■ **EXTRACTED ENTRIES**:
----

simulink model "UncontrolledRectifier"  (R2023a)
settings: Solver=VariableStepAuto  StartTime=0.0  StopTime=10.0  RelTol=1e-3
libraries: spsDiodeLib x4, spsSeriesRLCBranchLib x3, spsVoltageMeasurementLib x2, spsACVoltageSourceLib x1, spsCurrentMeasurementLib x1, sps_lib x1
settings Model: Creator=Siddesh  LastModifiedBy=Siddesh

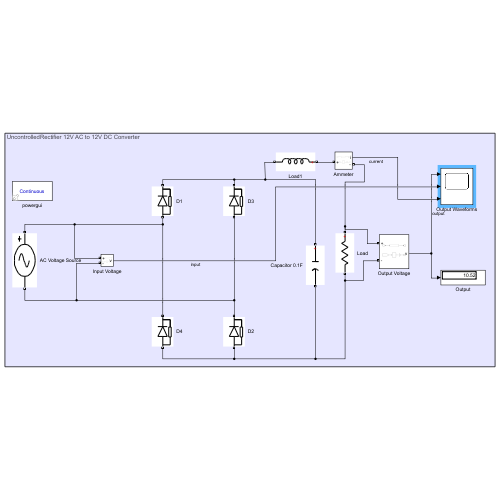
[thumbnail: Simulink's stored preview of the top-level diagram]
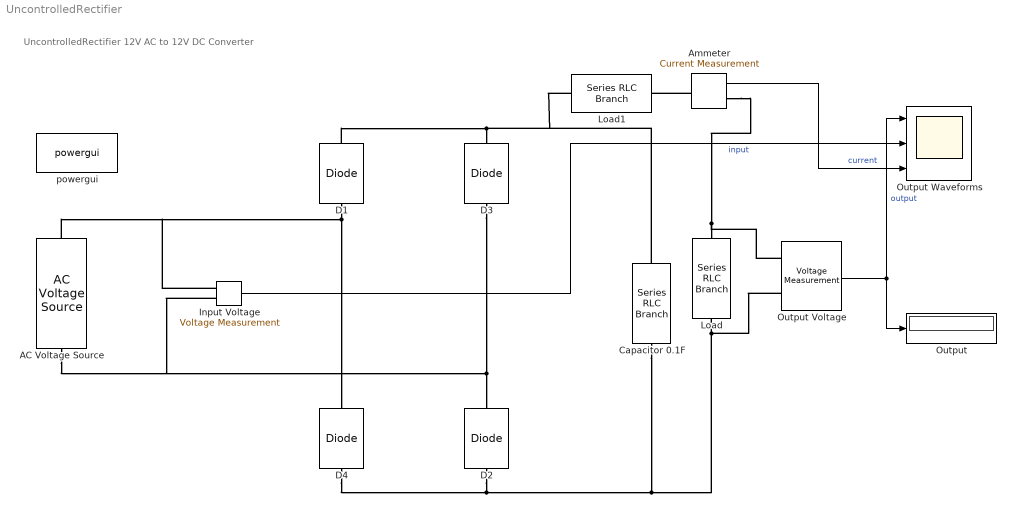
== system UncontrolledRectifier ==
  note: UncontrolledRectifier 12V AC to 12V DC Converter
  "AC Voltage Source " : spsACVoltageSourceLib/AC Voltage Source  Amplitude=12  Phase=0  Frequency=50  SampleTime=0  Measurements=None  BusType=swing  Pref=10e3  Qref=0  Qmin=-inf  Qmax=+inf
  Ammeter : spsCurrentMeasurementLib/Current Measurement  PhasorSimulation=off  OutputType=Complex  PSBequivalent=0
  Capacitor 0.1F : spsSeriesRLCBranchLib/Series RLC Branch  LConnTagsString=__new0  RConnTagsString=__new0  BranchType=C  Resistance=1  Inductance=1e-3  SetiL0=off  InitialCurrent=0  Capacitance=100000e-6  Setx0=off  InitialVoltage=0  Measurements=None
  D{1..4} (4 alike) : spsDiodeLib/Diode  Ron=0.0001  Lon=0  Vf=0.7  IC=0  UseSnubber=0  Rs=500  Cs=250e-9  Measurements=off
  Input Voltage : spsVoltageMeasurementLib/Voltage Measurement  PhasorSimulation=off  OutputType=Complex  PSBequivalent=0
  Load : spsSeriesRLCBranchLib/Series RLC Branch  LConnTagsString=__new0  RConnTagsString=__new0  BranchType=R  Resistance=12  Inductance=1e-3  SetiL0=off  InitialCurrent=0  Capacitance=1e-6  Setx0=off  InitialVoltage=0  Measurements=None
  Load1 : spsSeriesRLCBranchLib/Series RLC Branch  LConnTagsString=__new0  RConnTagsString=__new0  BranchType=L  Resistance=12  Inductance=1500e-3  SetiL0=off  InitialCurrent=0  Capacitance=1e-6  Setx0=off  InitialVoltage=0  Measurements=None
  Output : Display
  Output Voltage : spsVoltageMeasurementLib/Voltage Measurement  PhasorSimulation=off  OutputType=Complex  PSBequivalent=0
  Output Waveforms : Scope  NumInputPorts=3
  powergui : sps_lib/powergui  Priority=1  SimulationMode=Continuous  SampleTime=50e-6  frequency=60  Iterations=50  frequencyindice=50  Pbase=100e6  ErrMax=1e-4  UnitsV=kV  UnitsW=MW  buscounter=0  FunctionMessages=off  echomessages=off  EnableUseOfTLC=off  CurrentSourceSwitches=off  DisableSnubberDevices=off  DisableRonSwitches=off  DisableVfSwitches=off  DisplayEquations=off  AutomaticDiscreteSolvers=off  SolverType=Tustin/Backward Euler (TBE)  Interpol=off  ExternalGateDelay=off  methode=off  Ts=100  x0status=blocks  SPID=on  SwTol=0  HookPort=off  NonlinearTolerance=1e-4  nMaxIteration=100  ContinueOnMaxIteration=off  RestoreLinks=warning  ResistiveCurrentMeasurement=off  Frange=[0:2:500]  Ylog=off  Xlog=on  ShowGrid=off  save=off  variable=ZData  structure=0  ZoomFFT=off  StartTime=0.0  cycles=1  DisplayStyle=1  fundamental=60  FreqAxis=off  MaxFrequency=1000  frequencyindicesteady=1  RmsSteady=1  display=off
  wires:
  Output Voltage/1 -> Output/1, Output Waveforms/1  "output"
  Input Voltage/1 -> Output Waveforms/2  "input"
  Ammeter/1 -> Output Waveforms/3  "current"
  connections:
  D1/LConn1 -- Input Voltage/LConn1 -- "AC Voltage Source "/RConn1 -- D4/RConn1
  D3/LConn1 -- Input Voltage/LConn2 -- "AC Voltage Source "/LConn1 -- D2/RConn1
  D3/RConn1 -- Load1/RConn1 -- Capacitor 0.1F/LConn1 -- D1/RConn1
  D2/LConn1 -- D4/LConn1 -- Output Voltage/LConn2 -- Load/RConn1 -- Capacitor 0.1F/RConn1
  Output Voltage/LConn1 -- Ammeter/RConn1 -- Load/LConn1
  Ammeter/LConn1 -- Load1/LConn1

----

■ **HOW TO COMPLETE THIS TASK**:
Take the line holding "Input Voltage/1 ->" and the lines after it through the end of the entries. Retype them exactly and add nothing.

■ **SOLVED PROBLEM**:
  Input Voltage/1 -> Output Waveforms/2  "input"
  Ammeter/1 -> Output Waveforms/3  "current"
  connections:
  D1/LConn1 -- Input Voltage/LConn1 -- "AC Voltage Source "/RConn1 -- D4/RConn1
  D3/LConn1 -- Input Voltage/LConn2 -- "AC Voltage Source "/LConn1 -- D2/RConn1
  D3/RConn1 -- Load1/RConn1 -- Capacitor 0.1F/LConn1 -- D1/RConn1
  D2/LConn1 -- D4/LConn1 -- Output Voltage/LConn2 -- Load/RConn1 -- Capacitor 0.1F/RConn1
  Output Voltage/LConn1 -- Ammeter/RConn1 -- Load/LConn1
  Ammeter/LConn1 -- Load1/LConn1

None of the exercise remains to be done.